Work request :: From the entries below, retype only the lines from the one with "Constant7/1 -> pi/1" through the one with "Gain/1 -> Switch/3", exactly as written.

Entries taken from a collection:

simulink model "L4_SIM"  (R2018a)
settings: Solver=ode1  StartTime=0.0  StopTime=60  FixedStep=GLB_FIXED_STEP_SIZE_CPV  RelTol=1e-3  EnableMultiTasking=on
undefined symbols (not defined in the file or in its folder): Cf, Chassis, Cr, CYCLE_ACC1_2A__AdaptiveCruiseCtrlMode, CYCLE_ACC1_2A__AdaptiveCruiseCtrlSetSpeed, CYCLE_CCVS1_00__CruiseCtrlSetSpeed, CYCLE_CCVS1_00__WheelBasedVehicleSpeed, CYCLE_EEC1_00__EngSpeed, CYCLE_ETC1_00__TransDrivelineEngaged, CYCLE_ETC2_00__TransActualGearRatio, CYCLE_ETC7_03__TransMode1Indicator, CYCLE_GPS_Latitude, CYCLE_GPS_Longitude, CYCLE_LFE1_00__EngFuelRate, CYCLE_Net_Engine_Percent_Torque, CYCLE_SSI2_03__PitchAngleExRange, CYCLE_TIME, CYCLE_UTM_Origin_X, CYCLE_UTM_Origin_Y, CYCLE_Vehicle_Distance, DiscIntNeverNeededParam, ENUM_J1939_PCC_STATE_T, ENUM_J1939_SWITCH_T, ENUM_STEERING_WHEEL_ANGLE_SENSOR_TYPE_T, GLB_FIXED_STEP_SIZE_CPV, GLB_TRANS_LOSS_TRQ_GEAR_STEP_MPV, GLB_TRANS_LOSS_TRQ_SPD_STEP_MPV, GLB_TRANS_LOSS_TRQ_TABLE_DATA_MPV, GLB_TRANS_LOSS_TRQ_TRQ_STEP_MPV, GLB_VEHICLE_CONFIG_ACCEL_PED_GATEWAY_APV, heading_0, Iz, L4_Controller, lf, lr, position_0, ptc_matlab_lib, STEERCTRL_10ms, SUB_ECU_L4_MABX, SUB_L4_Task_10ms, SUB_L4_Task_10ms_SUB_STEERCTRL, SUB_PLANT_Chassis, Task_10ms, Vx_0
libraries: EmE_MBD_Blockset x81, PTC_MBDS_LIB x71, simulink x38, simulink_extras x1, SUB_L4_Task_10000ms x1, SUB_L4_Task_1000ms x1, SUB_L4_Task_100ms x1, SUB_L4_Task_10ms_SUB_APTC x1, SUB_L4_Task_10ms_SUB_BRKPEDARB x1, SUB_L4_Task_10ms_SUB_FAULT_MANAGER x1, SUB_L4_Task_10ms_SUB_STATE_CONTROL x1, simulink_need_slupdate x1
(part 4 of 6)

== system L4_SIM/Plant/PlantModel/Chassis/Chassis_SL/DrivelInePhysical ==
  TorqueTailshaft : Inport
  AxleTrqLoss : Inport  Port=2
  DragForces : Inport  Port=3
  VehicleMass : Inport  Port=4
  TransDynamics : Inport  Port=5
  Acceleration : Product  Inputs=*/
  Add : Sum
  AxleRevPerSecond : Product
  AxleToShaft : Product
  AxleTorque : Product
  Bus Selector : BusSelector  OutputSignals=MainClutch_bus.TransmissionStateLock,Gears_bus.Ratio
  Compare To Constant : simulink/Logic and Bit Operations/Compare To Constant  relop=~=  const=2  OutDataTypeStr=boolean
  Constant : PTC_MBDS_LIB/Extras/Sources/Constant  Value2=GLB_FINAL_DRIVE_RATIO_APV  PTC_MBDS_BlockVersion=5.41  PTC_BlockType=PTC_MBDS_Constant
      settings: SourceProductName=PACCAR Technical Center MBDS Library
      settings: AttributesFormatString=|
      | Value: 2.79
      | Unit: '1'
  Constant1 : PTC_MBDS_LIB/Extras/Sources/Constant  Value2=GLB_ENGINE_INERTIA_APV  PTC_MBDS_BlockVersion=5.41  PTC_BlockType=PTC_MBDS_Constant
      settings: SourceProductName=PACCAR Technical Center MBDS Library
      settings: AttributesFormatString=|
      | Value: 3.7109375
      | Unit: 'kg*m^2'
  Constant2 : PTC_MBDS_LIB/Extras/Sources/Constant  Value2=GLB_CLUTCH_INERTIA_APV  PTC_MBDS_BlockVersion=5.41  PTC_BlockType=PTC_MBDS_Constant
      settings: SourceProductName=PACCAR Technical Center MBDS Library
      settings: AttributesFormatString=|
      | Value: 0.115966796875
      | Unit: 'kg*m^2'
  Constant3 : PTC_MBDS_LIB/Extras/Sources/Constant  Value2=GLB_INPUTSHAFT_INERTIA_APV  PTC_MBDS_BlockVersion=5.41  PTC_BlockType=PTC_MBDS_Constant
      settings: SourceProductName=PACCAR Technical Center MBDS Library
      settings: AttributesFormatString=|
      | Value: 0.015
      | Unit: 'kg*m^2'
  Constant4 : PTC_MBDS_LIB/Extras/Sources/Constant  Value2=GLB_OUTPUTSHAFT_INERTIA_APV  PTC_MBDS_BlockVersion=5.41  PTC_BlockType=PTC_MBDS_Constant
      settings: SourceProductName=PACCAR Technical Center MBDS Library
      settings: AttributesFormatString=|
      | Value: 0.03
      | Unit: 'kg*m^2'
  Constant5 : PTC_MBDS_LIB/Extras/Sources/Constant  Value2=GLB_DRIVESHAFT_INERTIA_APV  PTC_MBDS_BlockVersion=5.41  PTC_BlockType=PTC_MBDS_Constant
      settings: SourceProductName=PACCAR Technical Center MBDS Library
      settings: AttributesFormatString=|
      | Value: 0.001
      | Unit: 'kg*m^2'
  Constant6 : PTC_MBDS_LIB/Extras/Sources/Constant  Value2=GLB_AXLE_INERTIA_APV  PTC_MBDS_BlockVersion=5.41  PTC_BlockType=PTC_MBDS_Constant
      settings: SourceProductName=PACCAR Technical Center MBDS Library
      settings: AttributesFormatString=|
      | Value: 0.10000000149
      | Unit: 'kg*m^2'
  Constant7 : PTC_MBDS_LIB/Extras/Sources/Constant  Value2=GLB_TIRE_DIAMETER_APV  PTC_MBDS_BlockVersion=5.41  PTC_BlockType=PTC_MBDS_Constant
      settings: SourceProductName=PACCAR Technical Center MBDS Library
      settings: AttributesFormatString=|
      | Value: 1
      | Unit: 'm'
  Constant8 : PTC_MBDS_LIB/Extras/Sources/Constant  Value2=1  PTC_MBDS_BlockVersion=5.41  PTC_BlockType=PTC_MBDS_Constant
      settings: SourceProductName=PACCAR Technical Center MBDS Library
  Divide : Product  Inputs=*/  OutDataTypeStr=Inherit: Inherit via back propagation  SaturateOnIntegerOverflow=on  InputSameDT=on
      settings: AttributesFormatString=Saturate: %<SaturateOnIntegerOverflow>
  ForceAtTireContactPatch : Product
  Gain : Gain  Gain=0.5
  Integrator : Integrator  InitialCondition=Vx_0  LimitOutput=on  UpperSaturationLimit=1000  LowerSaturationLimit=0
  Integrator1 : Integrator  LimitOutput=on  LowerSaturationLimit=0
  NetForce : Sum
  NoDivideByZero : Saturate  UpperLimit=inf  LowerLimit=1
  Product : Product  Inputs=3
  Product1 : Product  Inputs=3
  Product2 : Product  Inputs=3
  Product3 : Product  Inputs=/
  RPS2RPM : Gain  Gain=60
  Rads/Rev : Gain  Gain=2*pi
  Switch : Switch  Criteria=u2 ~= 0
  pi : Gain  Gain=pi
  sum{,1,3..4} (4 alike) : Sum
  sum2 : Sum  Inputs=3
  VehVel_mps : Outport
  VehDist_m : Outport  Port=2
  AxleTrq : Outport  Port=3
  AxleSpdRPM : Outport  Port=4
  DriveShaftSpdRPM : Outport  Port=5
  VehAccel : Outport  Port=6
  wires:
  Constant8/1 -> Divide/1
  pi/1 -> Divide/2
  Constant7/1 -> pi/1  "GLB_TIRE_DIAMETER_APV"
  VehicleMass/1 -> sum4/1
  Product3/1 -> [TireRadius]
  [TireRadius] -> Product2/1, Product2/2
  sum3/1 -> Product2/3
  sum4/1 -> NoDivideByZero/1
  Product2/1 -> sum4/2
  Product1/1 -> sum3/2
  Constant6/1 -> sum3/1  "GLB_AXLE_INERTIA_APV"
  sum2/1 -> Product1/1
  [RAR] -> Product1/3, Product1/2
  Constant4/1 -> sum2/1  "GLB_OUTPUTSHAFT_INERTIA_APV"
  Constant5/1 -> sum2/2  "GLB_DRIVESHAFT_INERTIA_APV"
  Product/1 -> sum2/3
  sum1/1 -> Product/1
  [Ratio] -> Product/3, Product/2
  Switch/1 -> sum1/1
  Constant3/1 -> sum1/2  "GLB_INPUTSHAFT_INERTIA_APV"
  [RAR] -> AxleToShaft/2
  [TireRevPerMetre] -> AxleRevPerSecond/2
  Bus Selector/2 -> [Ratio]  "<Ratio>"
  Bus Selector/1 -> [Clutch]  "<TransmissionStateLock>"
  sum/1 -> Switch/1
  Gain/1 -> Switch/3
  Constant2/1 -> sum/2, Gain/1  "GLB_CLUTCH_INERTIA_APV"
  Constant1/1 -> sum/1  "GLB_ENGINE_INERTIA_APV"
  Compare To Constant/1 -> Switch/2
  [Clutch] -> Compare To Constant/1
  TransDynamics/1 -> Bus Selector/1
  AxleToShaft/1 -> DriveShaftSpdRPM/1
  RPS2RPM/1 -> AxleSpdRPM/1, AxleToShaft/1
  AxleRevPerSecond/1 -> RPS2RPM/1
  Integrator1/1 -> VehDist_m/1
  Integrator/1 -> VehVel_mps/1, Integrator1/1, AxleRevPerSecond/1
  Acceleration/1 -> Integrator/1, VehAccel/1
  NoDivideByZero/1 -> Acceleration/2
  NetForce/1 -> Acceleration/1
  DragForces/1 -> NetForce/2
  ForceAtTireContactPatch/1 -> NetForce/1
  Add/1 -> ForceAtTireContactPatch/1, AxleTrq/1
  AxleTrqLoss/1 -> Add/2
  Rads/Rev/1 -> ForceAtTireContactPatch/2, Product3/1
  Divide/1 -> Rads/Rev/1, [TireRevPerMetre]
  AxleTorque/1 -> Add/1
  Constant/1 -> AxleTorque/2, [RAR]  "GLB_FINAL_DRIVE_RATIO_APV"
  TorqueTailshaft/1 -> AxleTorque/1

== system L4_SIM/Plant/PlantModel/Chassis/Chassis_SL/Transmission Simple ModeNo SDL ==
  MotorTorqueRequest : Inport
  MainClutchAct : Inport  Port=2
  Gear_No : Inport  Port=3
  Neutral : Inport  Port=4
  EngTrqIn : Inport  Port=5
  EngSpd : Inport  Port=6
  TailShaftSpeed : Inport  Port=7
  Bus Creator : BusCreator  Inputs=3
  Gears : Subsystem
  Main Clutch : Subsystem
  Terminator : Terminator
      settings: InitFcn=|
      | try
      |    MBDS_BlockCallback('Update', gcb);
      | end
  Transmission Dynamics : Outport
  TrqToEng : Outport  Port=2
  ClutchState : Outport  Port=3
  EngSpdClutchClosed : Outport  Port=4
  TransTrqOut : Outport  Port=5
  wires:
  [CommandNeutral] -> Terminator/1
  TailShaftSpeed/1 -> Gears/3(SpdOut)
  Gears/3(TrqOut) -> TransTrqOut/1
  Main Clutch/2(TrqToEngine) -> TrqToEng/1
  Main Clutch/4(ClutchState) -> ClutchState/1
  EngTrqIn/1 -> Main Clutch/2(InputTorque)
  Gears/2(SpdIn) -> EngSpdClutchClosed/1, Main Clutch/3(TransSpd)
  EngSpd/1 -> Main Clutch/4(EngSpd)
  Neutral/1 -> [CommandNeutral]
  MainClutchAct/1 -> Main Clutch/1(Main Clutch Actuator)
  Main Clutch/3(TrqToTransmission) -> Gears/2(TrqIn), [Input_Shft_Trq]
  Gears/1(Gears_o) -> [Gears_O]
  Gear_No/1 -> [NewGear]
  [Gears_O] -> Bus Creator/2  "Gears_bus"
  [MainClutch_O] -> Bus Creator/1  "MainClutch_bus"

Output for this task ::
  Constant7/1 -> pi/1  "GLB_TIRE_DIAMETER_APV"
  VehicleMass/1 -> sum4/1
  Product3/1 -> [TireRadius]
  [TireRadius] -> Product2/1, Product2/2
  sum3/1 -> Product2/3
  sum4/1 -> NoDivideByZero/1
  Product2/1 -> sum4/2
  Product1/1 -> sum3/2
  Constant6/1 -> sum3/1  "GLB_AXLE_INERTIA_APV"
  sum2/1 -> Product1/1
  [RAR] -> Product1/3, Product1/2
  Constant4/1 -> sum2/1  "GLB_OUTPUTSHAFT_INERTIA_APV"
  Constant5/1 -> sum2/2  "GLB_DRIVESHAFT_INERTIA_APV"
  Product/1 -> sum2/3
  sum1/1 -> Product/1
  [Ratio] -> Product/3, Product/2
  Switch/1 -> sum1/1
  Constant3/1 -> sum1/2  "GLB_INPUTSHAFT_INERTIA_APV"
  [RAR] -> AxleToShaft/2
  [TireRevPerMetre] -> AxleRevPerSecond/2
  Bus Selector/2 -> [Ratio]  "<Ratio>"
  Bus Selector/1 -> [Clutch]  "<TransmissionStateLock>"
  sum/1 -> Switch/1
  Gain/1 -> Switch/3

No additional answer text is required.